In the records that follow, the lines from the one containing "#14587 = CARTESIAN_POINT" to the one containing "#30589 = VERTEX_POINT ( 'NONE', #31930 ) ;", inclusive, are to be given again exactly.

(Records contained in a dataset)
BEGIN

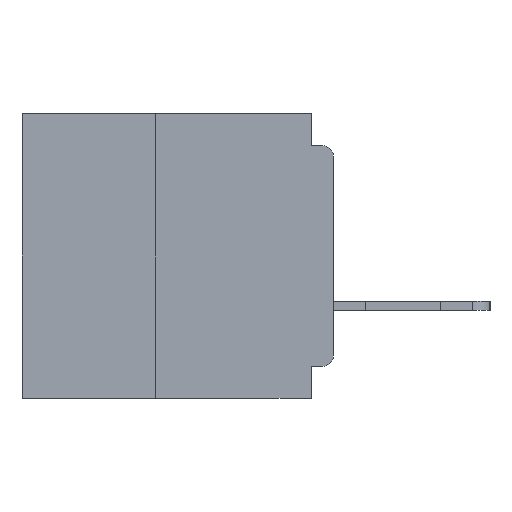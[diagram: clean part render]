
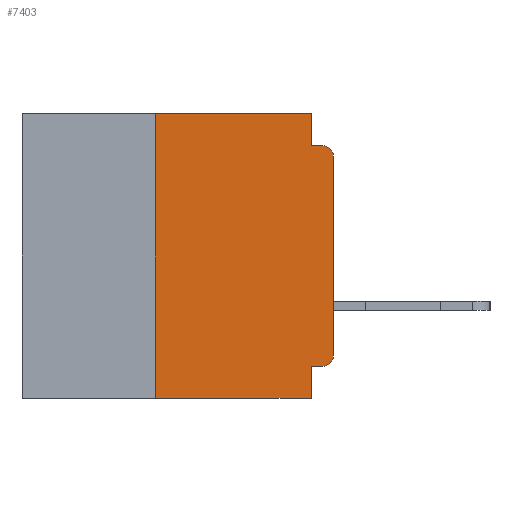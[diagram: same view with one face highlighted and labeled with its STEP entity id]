
A CAD part, left-side view. The second image highlights one B-rep face of the part: STEP entity #7403.
In plain terms, the highlighted planar face has unit normal (-1, 0, 0).
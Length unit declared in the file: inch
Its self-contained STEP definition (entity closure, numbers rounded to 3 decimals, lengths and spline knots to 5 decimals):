
#230 = CARTESIAN_POINT ( 'NONE',  ( 0., 0.437, -0.4 ) ) ;
#306 = CARTESIAN_POINT ( 'NONE',  ( 0., 0., -0.355 ) ) ;
#968 = CARTESIAN_POINT ( 'NONE',  ( 0., 0.015, -0.34 ) ) ;
#2463 = VERTEX_POINT ( 'NONE', #25316 ) ;
#2976 = VECTOR ( 'NONE', #19131, 39.37008 ) ;
#4178 = LINE ( 'NONE', #46415, #2976 ) ;
#4208 = DIRECTION ( 'NONE',  ( 0., -1., 0. ) ) ;
#4814 = VECTOR ( 'NONE', #31369, 39.37008 ) ;
#4946 = DIRECTION ( 'NONE',  ( 0., 0., -1. ) ) ;
#5426 = EDGE_CURVE ( 'NONE', #15901, #14071, #48050, .T. ) ;
#7403 = ADVANCED_FACE ( 'NONE', ( #17304 ), #44574, .F. ) ;
#7665 = CIRCLE ( 'NONE', #8968, 0.015 ) ;
#7898 = CARTESIAN_POINT ( 'NONE',  ( 0., 0., -0.06 ) ) ;
#8866 = VECTOR ( 'NONE', #38033, 39.37008 ) ;
#8968 = AXIS2_PLACEMENT_3D ( 'NONE', #968, #28434, #4946 ) ;
#9614 = DIRECTION ( 'NONE',  ( 0., 0., -1. ) ) ;
#10120 = EDGE_CURVE ( 'NONE', #13512, #15901, #7665, .T. ) ;
#10908 = CARTESIAN_POINT ( 'NONE',  ( 0., 0.031, -0.4 ) ) ;
#13512 = VERTEX_POINT ( 'NONE', #31896 ) ;
#14015 = ORIENTED_EDGE ( 'NONE', *, *, #34793, .F. ) ;
#14064 = CARTESIAN_POINT ( 'NONE',  ( 0., 0.031, -0.045 ) ) ;
#14071 = VERTEX_POINT ( 'NONE', #7898 ) ;
#14587 = CARTESIAN_POINT ( 'NONE',  ( 0., 0.015, -0.06 ) ) ;
#14613 = CARTESIAN_POINT ( 'NONE',  ( 0., 0.437, 0. ) ) ;
#15901 = VERTEX_POINT ( 'NONE', #17982 ) ;
#16404 = VECTOR ( 'NONE', #4208, 39.37008 ) ;
#17105 = ORIENTED_EDGE ( 'NONE', *, *, #28782, .F. ) ;
#17304 = FACE_OUTER_BOUND ( 'NONE', #29032, .T. ) ;
#17601 = LINE ( 'NONE', #10908, #48713 ) ;
#17982 = CARTESIAN_POINT ( 'NONE',  ( 0., 0., -0.34 ) ) ;
#18509 = DIRECTION ( 'NONE',  ( 0., 0., -1. ) ) ;
#19131 = DIRECTION ( 'NONE',  ( 0., 0., 1. ) ) ;
#21284 = DIRECTION ( 'NONE',  ( 0., -1., 0. ) ) ;
#21723 = EDGE_CURVE ( 'NONE', #28592, #2463, #47904, .T. ) ;
#22050 = LINE ( 'NONE', #25218, #30019 ) ;
#25218 = CARTESIAN_POINT ( 'NONE',  ( 0., 0., -0.045 ) ) ;
#25259 = EDGE_CURVE ( 'NONE', #14071, #34682, #45777, .T. ) ;
#25316 = CARTESIAN_POINT ( 'NONE',  ( 0., 0.031, 0. ) ) ;
#25688 = LINE ( 'NONE', #50537, #4814 ) ;
#26642 = DIRECTION ( 'NONE',  ( 0., 0., -1. ) ) ;
#28191 = EDGE_CURVE ( 'NONE', #43311, #28592, #4178, .T. ) ;
#28331 = EDGE_CURVE ( 'NONE', #43311, #43929, #37246, .T. ) ;
#28434 = DIRECTION ( 'NONE',  ( -1., 0., 0. ) ) ;
#28592 = VERTEX_POINT ( 'NONE', #33328 ) ;
#28782 = EDGE_CURVE ( 'NONE', #30589, #43929, #17601, .T. ) ;
#29032 = EDGE_LOOP ( 'NONE', ( #38117, #50665, #47157, #50162, #46586, #33814, #47866, #17105, #14015, #43594 ) ) ;
#29281 = CARTESIAN_POINT ( 'NONE',  ( 0., 0.031, -0.4 ) ) ;
#29793 = VECTOR ( 'NONE', #31540, 39.37008 ) ;
#30019 = VECTOR ( 'NONE', #21284, 39.37008 ) ;
#30589 = VERTEX_POINT ( 'NONE', #31930 ) ;
#31369 = DIRECTION ( 'NONE',  ( 0., 0., -1. ) ) ;
#31540 = DIRECTION ( 'NONE',  ( 0., 1., 0. ) ) ;
#31563 = AXIS2_PLACEMENT_3D ( 'NONE', #14587, #41903, #18509 ) ;
#31896 = CARTESIAN_POINT ( 'NONE',  ( 0., 0.015, -0.355 ) ) ;
#31930 = CARTESIAN_POINT ( 'NONE',  ( 0., 0.031, -0.355 ) ) ;
#32995 = EDGE_CURVE ( 'NONE', #2463, #48859, #25688, .T. ) ;
#33049 = DIRECTION ( 'NONE',  ( 1., 0., 0. ) ) ;
#33204 = CARTESIAN_POINT ( 'NONE',  ( 0., 0., 0. ) ) ;
#33328 = CARTESIAN_POINT ( 'NONE',  ( 0., 0.25, 0. ) ) ;
#33814 = ORIENTED_EDGE ( 'NONE', *, *, #28191, .F. ) ;
#34682 = VERTEX_POINT ( 'NONE', #46494 ) ;
#34793 = EDGE_CURVE ( 'NONE', #13512, #30589, #40107, .T. ) ;
#37246 = LINE ( 'NONE', #230, #16404 ) ;
#37747 = VECTOR ( 'NONE', #41017, 39.37008 ) ;
#38033 = DIRECTION ( 'NONE',  ( 0., -1., 0. ) ) ;
#38117 = ORIENTED_EDGE ( 'NONE', *, *, #5426, .T. ) ;
#40107 = LINE ( 'NONE', #306, #29793 ) ;
#41017 = DIRECTION ( 'NONE',  ( 0., 0., 1. ) ) ;
#41903 = DIRECTION ( 'NONE',  ( -1., 0., 0. ) ) ;
#43311 = VERTEX_POINT ( 'NONE', #46057 ) ;
#43594 = ORIENTED_EDGE ( 'NONE', *, *, #10120, .T. ) ;
#43929 = VERTEX_POINT ( 'NONE', #29281 ) ;
#44574 = PLANE ( 'NONE',  #47423 ) ;
#45777 = CIRCLE ( 'NONE', #31563, 0.015 ) ;
#46057 = CARTESIAN_POINT ( 'NONE',  ( 0., 0.25, -0.4 ) ) ;
#46415 = CARTESIAN_POINT ( 'NONE',  ( 0., 0.25, -0.4 ) ) ;
#46494 = CARTESIAN_POINT ( 'NONE',  ( 0., 0.015, -0.045 ) ) ;
#46586 = ORIENTED_EDGE ( 'NONE', *, *, #21723, .F. ) ;
#47157 = ORIENTED_EDGE ( 'NONE', *, *, #48766, .F. ) ;
#47423 = AXIS2_PLACEMENT_3D ( 'NONE', #48472, #33049, #9614 ) ;
#47866 = ORIENTED_EDGE ( 'NONE', *, *, #28331, .T. ) ;
#47904 = LINE ( 'NONE', #14613, #8866 ) ;
#48050 = LINE ( 'NONE', #33204, #37747 ) ;
#48472 = CARTESIAN_POINT ( 'NONE',  ( 0., 0.437, 0. ) ) ;
#48713 = VECTOR ( 'NONE', #26642, 39.37008 ) ;
#48766 = EDGE_CURVE ( 'NONE', #48859, #34682, #22050, .T. ) ;
#48859 = VERTEX_POINT ( 'NONE', #14064 ) ;
#50162 = ORIENTED_EDGE ( 'NONE', *, *, #32995, .F. ) ;
#50537 = CARTESIAN_POINT ( 'NONE',  ( 0., 0.031, 0. ) ) ;
#50665 = ORIENTED_EDGE ( 'NONE', *, *, #25259, .T. ) ;

END

* [Solved problem]:
#14587 = CARTESIAN_POINT ( 'NONE',  ( 0., 0.015, -0.06 ) ) ;
#14613 = CARTESIAN_POINT ( 'NONE',  ( 0., 0.437, 0. ) ) ;
#15901 = VERTEX_POINT ( 'NONE', #17982 ) ;
#16404 = VECTOR ( 'NONE', #4208, 39.37008 ) ;
#17105 = ORIENTED_EDGE ( 'NONE', *, *, #28782, .F. ) ;
#17304 = FACE_OUTER_BOUND ( 'NONE', #29032, .T. ) ;
#17601 = LINE ( 'NONE', #10908, #48713 ) ;
#17982 = CARTESIAN_POINT ( 'NONE',  ( 0., 0., -0.34 ) ) ;
#18509 = DIRECTION ( 'NONE',  ( 0., 0., -1. ) ) ;
#19131 = DIRECTION ( 'NONE',  ( 0., 0., 1. ) ) ;
#21284 = DIRECTION ( 'NONE',  ( 0., -1., 0. ) ) ;
#21723 = EDGE_CURVE ( 'NONE', #28592, #2463, #47904, .T. ) ;
#22050 = LINE ( 'NONE', #25218, #30019 ) ;
#25218 = CARTESIAN_POINT ( 'NONE',  ( 0., 0., -0.045 ) ) ;
#25259 = EDGE_CURVE ( 'NONE', #14071, #34682, #45777, .T. ) ;
#25316 = CARTESIAN_POINT ( 'NONE',  ( 0., 0.031, 0. ) ) ;
#25688 = LINE ( 'NONE', #50537, #4814 ) ;
#26642 = DIRECTION ( 'NONE',  ( 0., 0., -1. ) ) ;
#28191 = EDGE_CURVE ( 'NONE', #43311, #28592, #4178, .T. ) ;
#28331 = EDGE_CURVE ( 'NONE', #43311, #43929, #37246, .T. ) ;
#28434 = DIRECTION ( 'NONE',  ( -1., 0., 0. ) ) ;
#28592 = VERTEX_POINT ( 'NONE', #33328 ) ;
#28782 = EDGE_CURVE ( 'NONE', #30589, #43929, #17601, .T. ) ;
#29032 = EDGE_LOOP ( 'NONE', ( #38117, #50665, #47157, #50162, #46586, #33814, #47866, #17105, #14015, #43594 ) ) ;
#29281 = CARTESIAN_POINT ( 'NONE',  ( 0., 0.031, -0.4 ) ) ;
#29793 = VECTOR ( 'NONE', #31540, 39.37008 ) ;
#30019 = VECTOR ( 'NONE', #21284, 39.37008 ) ;
#30589 = VERTEX_POINT ( 'NONE', #31930 ) ;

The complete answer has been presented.